Dokładnie obrazuje to poniższa ilustracja.
Rocznie na polskich drogach dochodzi do około 32 tysięcy wypadków. Do każdego z nich muszą dojechać służby ratunkowe. Często na drodze straży pożarnej, pogotowia ratunkowego czy policji stają kierowcy, którzy nie wiedzą, jak prawidłowo ustąpić służbom miejsca na drodze. Dlatego umiejętność tworzenia korytarza życia jest tak ważna. W wielu krajach kierowcy tworzą taki korytarz automatycznie dojeżdżając do zatoru lub skrzyżowania. Na polskich drogach niestety wciąż jest to rzadkość.

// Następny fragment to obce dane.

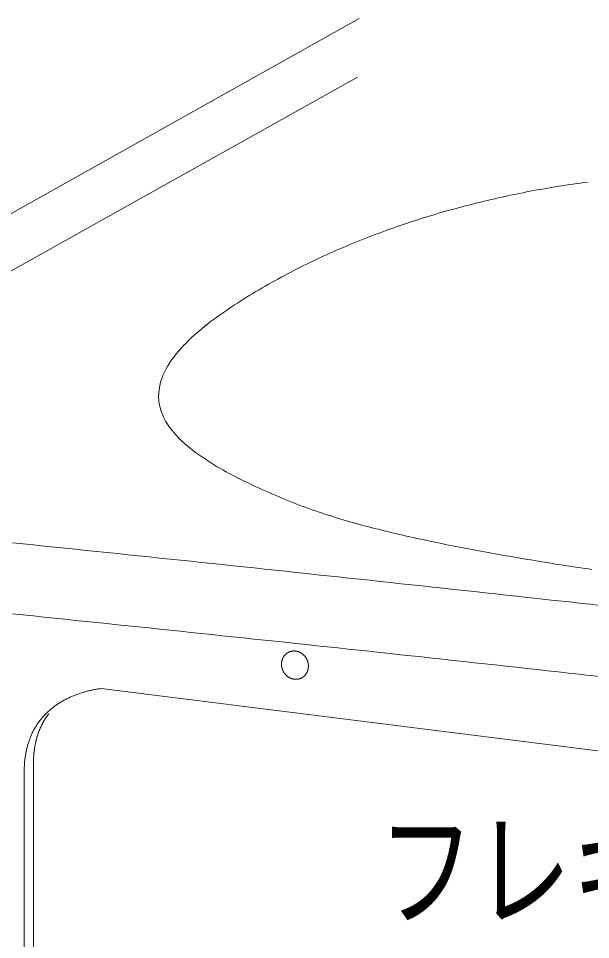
# Model space of a CAD drawing. Units: millimetres on the paper. Extents: x -305 to 305, y -152 to 152.
# Drawn here: x -84.36 to -69.78, y -79.87 to -56.41 of the extents above; entities that cross this region are included whole.
import ezdxf
from ezdxf.enums import TextEntityAlignment as Align

# ---------------------------------------------------------------- set-up
doc = ezdxf.new("R2010")
doc.units = ezdxf.units.MM
doc.layers.add('0-1_RV', color=7, linetype='Continuous', lineweight=9)
doc.styles.add('ＭＳ ゴシック', font='')
doc.styles.get('ＭＳ ゴシック').set_extended_font_data('MS Gothic')

msp = doc.modelspace()

# ---------------------------------------------------------------- linework, layer by layer
at = {"layer": '0-1_RV'}
for p, q in [((-75.673, -56.411), (-94.887, -67.167)), ((-75.72, -57.903), (-94.934, -68.66)), ((-77.611, -73.032), (-77.614, -73.028)), ((-82.249, -73.479), (-60.689, -76.183)), ((-83.974, -77.732), (-83.974, -75.39)), ((-84.207, -77.325), (-84.207, -75.577)), ((-84.207, -84.344), (-84.207, -75.894)), ((-83.974, -84.158), (-83.974, -75.881))]:
    msp.add_line(p, q, dxfattribs=at)
for points in [[(-69.858, -60.579), (-69.949, -60.591), (-70.041, -60.604), (-70.132, -60.617), (-70.224, -60.63), (-70.315, -60.644), (-70.406, -60.657), (-70.497, -60.672), (-70.588, -60.686), (-70.68, -60.701), (-70.771, -60.716), (-70.862, -60.732), (-70.953, -60.748), (-71.044, -60.764), (-71.134, -60.78), (-71.225, -60.797), (-71.316, -60.814), (-71.407, -60.831), (-71.497, -60.849), (-71.588, -60.867), (-71.678, -60.886), (-71.769, -60.904), (-71.859, -60.923), (-71.949, -60.943), (-72.039, -60.962), (-72.129, -60.982), (-72.219, -61.003), (-72.309, -61.023), (-72.399, -61.044), (-72.489, -61.066), (-72.579, -61.087), (-72.668, -61.109), (-72.758, -61.132), (-72.848, -61.154), (-72.937, -61.178), (-73.026, -61.201), (-73.115, -61.225), (-73.205, -61.249), (-73.294, -61.273), (-73.383, -61.298)], [(-73.383, -61.298), (-73.471, -61.323), (-73.56, -61.348), (-73.649, -61.374), (-73.737, -61.4), (-73.826, -61.427), (-73.914, -61.454), (-74.002, -61.481), (-74.09, -61.508), (-74.178, -61.536), (-74.266, -61.565), (-74.354, -61.593), (-74.442, -61.622), (-74.529, -61.651), (-74.617, -61.681), (-74.704, -61.711), (-74.791, -61.742), (-74.878, -61.772), (-74.965, -61.804), (-75.052, -61.835), (-75.138, -61.867), (-75.225, -61.899), (-75.311, -61.932), (-75.397, -61.965), (-75.484, -61.998), (-75.569, -62.032), (-75.655, -62.066), (-75.741, -62.101), (-75.826, -62.136), (-75.912, -62.171), (-75.997, -62.207), (-76.082, -62.243), (-76.167, -62.279), (-76.251, -62.316), (-76.336, -62.353), (-76.42, -62.391), (-76.504, -62.429), (-76.588, -62.467), (-76.672, -62.506), (-76.755, -62.545)], [(-76.755, -62.545), (-76.839, -62.585), (-76.922, -62.625), (-77.005, -62.665), (-77.088, -62.706), (-77.17, -62.747), (-77.253, -62.789), (-77.335, -62.831), (-77.417, -62.873), (-77.499, -62.916), (-77.58, -62.959), (-77.662, -63.003), (-77.743, -63.047), (-77.824, -63.091), (-77.904, -63.136), (-77.985, -63.182), (-78.065, -63.227), (-78.145, -63.273), (-78.225, -63.32), (-78.304, -63.367), (-78.383, -63.414), (-78.462, -63.462), (-78.541, -63.51), (-78.62, -63.559), (-78.698, -63.608), (-78.775, -63.658), (-78.853, -63.708), (-78.93, -63.759), (-79.007, -63.811), (-79.083, -63.862), (-79.159, -63.915), (-79.235, -63.968), (-79.309, -64.023), (-79.384, -64.077), (-79.458, -64.133), (-79.531, -64.189), (-79.603, -64.247), (-79.675, -64.305), (-79.746, -64.364), (-79.816, -64.424)], [(-79.816, -64.424), (-79.885, -64.486), (-79.953, -64.548), (-80.02, -64.612), (-80.086, -64.677), (-80.15, -64.744), (-80.212, -64.811), (-80.274, -64.881), (-80.333, -64.952), (-80.391, -65.025), (-80.446, -65.099), (-80.498, -65.176), (-80.547, -65.254), (-80.593, -65.334), (-80.635, -65.417), (-80.673, -65.502), (-80.706, -65.589), (-80.734, -65.678), (-80.757, -65.768), (-80.773, -65.859), (-80.782, -65.952), (-80.784, -66.044), (-80.778, -66.137), (-80.766, -66.229), (-80.746, -66.32), (-80.719, -66.409), (-80.687, -66.496), (-80.649, -66.581), (-80.606, -66.663), (-80.558, -66.742), (-80.506, -66.819), (-80.45, -66.893), (-80.391, -66.964), (-80.329, -67.034), (-80.265, -67.101), (-80.199, -67.166), (-80.132, -67.228), (-80.062, -67.289), (-79.991, -67.348), (-79.919, -67.406)], [(-79.919, -67.406), (-79.845, -67.462), (-79.77, -67.516), (-79.695, -67.569), (-79.619, -67.621), (-79.541, -67.672), (-79.464, -67.722), (-79.385, -67.77), (-79.306, -67.818), (-79.226, -67.864), (-79.146, -67.91), (-79.065, -67.955), (-78.984, -67.999), (-78.902, -68.042), (-78.82, -68.085), (-78.738, -68.127), (-78.655, -68.168), (-78.572, -68.208), (-78.489, -68.248), (-78.406, -68.288), (-78.322, -68.327), (-78.238, -68.366), (-78.154, -68.404), (-78.07, -68.442), (-77.986, -68.479), (-77.901, -68.516), (-77.816, -68.553), (-77.731, -68.589), (-77.646, -68.625), (-77.561, -68.66), (-77.475, -68.695), (-77.39, -68.729), (-77.304, -68.763), (-77.217, -68.796), (-77.131, -68.829), (-77.045, -68.861), (-76.958, -68.892), (-76.871, -68.923), (-76.784, -68.954), (-76.696, -68.983)], [(-76.696, -68.983), (-76.609, -69.013), (-76.521, -69.042), (-76.433, -69.07), (-76.345, -69.098), (-76.257, -69.125), (-76.169, -69.152), (-76.08, -69.179), (-75.992, -69.205), (-75.903, -69.231), (-75.814, -69.256), (-75.725, -69.281), (-75.636, -69.305), (-75.547, -69.329), (-75.458, -69.353), (-75.368, -69.376), (-75.279, -69.399), (-75.189, -69.421), (-75.1, -69.444), (-75.01, -69.466), (-74.92, -69.487), (-74.831, -69.509), (-74.741, -69.53), (-74.651, -69.551), (-74.561, -69.571), (-74.471, -69.592), (-74.381, -69.612), (-74.291, -69.632), (-74.201, -69.652), (-74.11, -69.672), (-74.02, -69.691), (-73.93, -69.71), (-73.839, -69.73), (-73.749, -69.748), (-73.659, -69.767), (-73.568, -69.786), (-73.478, -69.804), (-73.387, -69.822), (-73.297, -69.84), (-73.206, -69.858)], [(-84.506, -69.763), (-84.238, -69.791), (-83.97, -69.819), (-83.703, -69.846), (-83.435, -69.874), (-83.167, -69.902), (-82.9, -69.929), (-82.632, -69.957), (-82.365, -69.985), (-82.097, -70.013), (-81.829, -70.04), (-81.562, -70.068), (-81.294, -70.096), (-81.026, -70.124), (-80.759, -70.152), (-80.491, -70.18), (-80.224, -70.208), (-79.956, -70.236), (-79.688, -70.264), (-79.421, -70.293), (-79.153, -70.321), (-78.886, -70.349), (-78.618, -70.377), (-78.35, -70.406), (-78.083, -70.434), (-77.815, -70.462), (-77.548, -70.491), (-77.28, -70.519), (-77.012, -70.548), (-76.745, -70.576), (-76.477, -70.605), (-76.21, -70.633), (-75.942, -70.662), (-75.675, -70.69), (-75.407, -70.719), (-75.14, -70.748), (-74.872, -70.777), (-74.605, -70.806), (-74.337, -70.834), (-74.07, -70.863)], [(-73.206, -69.858), (-73.116, -69.876), (-73.025, -69.894), (-72.934, -69.911), (-72.844, -69.928), (-72.753, -69.946), (-72.662, -69.963), (-72.572, -69.979), (-72.481, -69.996), (-72.39, -70.013), (-72.299, -70.029), (-72.208, -70.045), (-72.117, -70.062), (-72.026, -70.078), (-71.936, -70.094), (-71.845, -70.109), (-71.754, -70.125), (-71.663, -70.141), (-71.572, -70.156), (-71.481, -70.172), (-71.39, -70.187), (-71.298, -70.202), (-71.207, -70.217), (-71.116, -70.232), (-71.025, -70.247), (-70.934, -70.261), (-70.843, -70.276), (-70.752, -70.291), (-70.661, -70.305), (-70.569, -70.319), (-70.478, -70.334), (-70.387, -70.348), (-70.296, -70.362), (-70.205, -70.376), (-70.113, -70.39), (-70.022, -70.403), (-69.931, -70.417), (-69.839, -70.431), (-69.748, -70.444)], [(-74.07, -70.863), (-73.802, -70.892), (-73.534, -70.921), (-73.267, -70.95), (-72.999, -70.979), (-72.732, -71.008), (-72.464, -71.038), (-72.197, -71.067), (-71.929, -71.096), (-71.662, -71.125), (-71.395, -71.155), (-71.127, -71.184), (-70.86, -71.213), (-70.592, -71.243), (-70.325, -71.272), (-70.057, -71.302), (-69.79, -71.331), (-69.522, -71.361)], [(-84.511, -71.573), (-84.244, -71.601), (-83.976, -71.628), (-83.708, -71.656), (-83.441, -71.684), (-83.173, -71.711), (-82.906, -71.739), (-82.638, -71.767), (-82.371, -71.794), (-82.103, -71.822), (-81.836, -71.85), (-81.568, -71.878), (-81.3, -71.906), (-81.033, -71.934), (-80.765, -71.962), (-80.498, -71.989), (-80.23, -72.017), (-79.963, -72.046), (-79.695, -72.074), (-79.428, -72.102), (-79.16, -72.13), (-78.893, -72.158), (-78.625, -72.186), (-78.358, -72.215), (-78.09, -72.243), (-77.823, -72.271), (-77.555, -72.299), (-77.288, -72.328), (-77.02, -72.356), (-76.753, -72.385), (-76.485, -72.413), (-76.218, -72.442), (-75.95, -72.47), (-75.683, -72.499), (-75.415, -72.528), (-75.148, -72.556), (-74.88, -72.585), (-74.613, -72.614), (-74.346, -72.643), (-74.078, -72.672)], [(-77.652, -72.833), (-77.652, -72.828), (-77.651, -72.823), (-77.651, -72.818), (-77.65, -72.812), (-77.65, -72.807), (-77.649, -72.802), (-77.648, -72.797), (-77.647, -72.792), (-77.646, -72.787), (-77.645, -72.782), (-77.644, -72.777), (-77.643, -72.772), (-77.642, -72.767), (-77.641, -72.762), (-77.639, -72.757), (-77.638, -72.752), (-77.636, -72.747), (-77.635, -72.742), (-77.633, -72.737), (-77.631, -72.733), (-77.63, -72.728), (-77.628, -72.723), (-77.626, -72.718), (-77.624, -72.713), (-77.622, -72.709), (-77.62, -72.704), (-77.617, -72.699), (-77.615, -72.695), (-77.613, -72.69), (-77.61, -72.686), (-77.608, -72.681), (-77.605, -72.677), (-77.603, -72.672), (-77.6, -72.668), (-77.597, -72.664), (-77.595, -72.659), (-77.592, -72.655), (-77.589, -72.651), (-77.586, -72.647)], [(-77.586, -72.647), (-77.583, -72.642), (-77.579, -72.638), (-77.576, -72.634), (-77.573, -72.63), (-77.57, -72.626), (-77.566, -72.623), (-77.563, -72.619), (-77.559, -72.615), (-77.556, -72.611), (-77.552, -72.608), (-77.548, -72.604), (-77.545, -72.601), (-77.541, -72.597), (-77.537, -72.594), (-77.533, -72.59), (-77.529, -72.587), (-77.525, -72.584), (-77.521, -72.581), (-77.517, -72.578), (-77.513, -72.575), (-77.508, -72.572), (-77.504, -72.569), (-77.5, -72.566), (-77.495, -72.563), (-77.491, -72.561), (-77.487, -72.558), (-77.482, -72.556), (-77.478, -72.553), (-77.473, -72.551), (-77.468, -72.549), (-77.464, -72.547), (-77.459, -72.544), (-77.454, -72.542), (-77.449, -72.54), (-77.445, -72.539), (-77.44, -72.537), (-77.435, -72.535), (-77.43, -72.534), (-77.425, -72.532)], [(-77.425, -72.532), (-77.42, -72.531), (-77.415, -72.529), (-77.41, -72.528), (-77.405, -72.527), (-77.4, -72.526), (-77.395, -72.525), (-77.39, -72.524), (-77.385, -72.523), (-77.38, -72.522), (-77.375, -72.521), (-77.37, -72.521), (-77.365, -72.52), (-77.36, -72.52), (-77.354, -72.519), (-77.349, -72.519), (-77.344, -72.519), (-77.339, -72.519), (-77.334, -72.519), (-77.329, -72.519), (-77.324, -72.519), (-77.318, -72.519), (-77.313, -72.52), (-77.308, -72.52), (-77.303, -72.52), (-77.298, -72.521), (-77.293, -72.521), (-77.288, -72.522), (-77.283, -72.523), (-77.278, -72.524), (-77.272, -72.525), (-77.267, -72.526), (-77.262, -72.527), (-77.257, -72.528), (-77.252, -72.529), (-77.247, -72.53), (-77.242, -72.532), (-77.238, -72.533), (-77.233, -72.535), (-77.228, -72.536)], [(-77.228, -72.536), (-77.223, -72.538), (-77.218, -72.54), (-77.213, -72.541), (-77.208, -72.543), (-77.204, -72.545), (-77.199, -72.547), (-77.194, -72.549), (-77.189, -72.551), (-77.185, -72.554), (-77.18, -72.556), (-77.176, -72.558), (-77.171, -72.561), (-77.167, -72.563), (-77.162, -72.566), (-77.158, -72.568), (-77.153, -72.571), (-77.149, -72.573), (-77.144, -72.576), (-77.14, -72.579), (-77.136, -72.582), (-77.132, -72.585), (-77.127, -72.588), (-77.123, -72.591), (-77.119, -72.594), (-77.115, -72.597), (-77.111, -72.6), (-77.107, -72.604), (-77.103, -72.607), (-77.099, -72.61), (-77.096, -72.614), (-77.092, -72.617), (-77.088, -72.621), (-77.084, -72.624), (-77.081, -72.628), (-77.077, -72.632), (-77.074, -72.635), (-77.07, -72.639), (-77.067, -72.643), (-77.063, -72.647)], [(-77.063, -72.647), (-77.06, -72.651), (-77.057, -72.655), (-77.053, -72.659), (-77.05, -72.663), (-77.047, -72.667), (-77.044, -72.671), (-77.041, -72.675), (-77.038, -72.679), (-77.035, -72.684), (-77.032, -72.688), (-77.03, -72.692), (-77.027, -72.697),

Często widzimy kierowców, którzy w ostatniej chwili nerwowo szukają sposobu, by zjechać do krawędzi jezdni. Byłoby to znacznie prostsze, gdybyśmy za każdym razem, gdy stajemy na światłach lub w korku, zatrzymywali się właśnie przy tej krawędzi, a nie jak to mamy w zwyczaju – na środku pasa ruchu. O korytarzu życia powinniśmy pamiętać przez cały czas poruszania się po drodze
– mówi Konrad Romik, sekretarz Krajowej Rady Bezpieczeństwa Ruchu Drogowego.
Wielu kierowców nie tylko nie tworzy korytarza życia, ale również wykorzystuje go do własnych celów. Niejednokrotnie pisaliśmy o przypadkach, w których kierowcy stojący w korku zawracali i pod prąd próbowali wydostać się z zatoru, tym samym blokując przejazd służb ratunkowych. Kierowcy powinni pamiętać, że nawet kilkadziesiąt minut stania w korku to nic w porównaniu z możliwą utratą życia przez ofiary wypadku. Dlatego pamiętajmy, aby umożliwić przejazd służbom ratunkowym.
Początkowo policjanci mają raczej pouczać kierowców i przypominać im o konieczności tworzenia korytarza życia. Mandat może jednak sięgnąć "do 500 zł".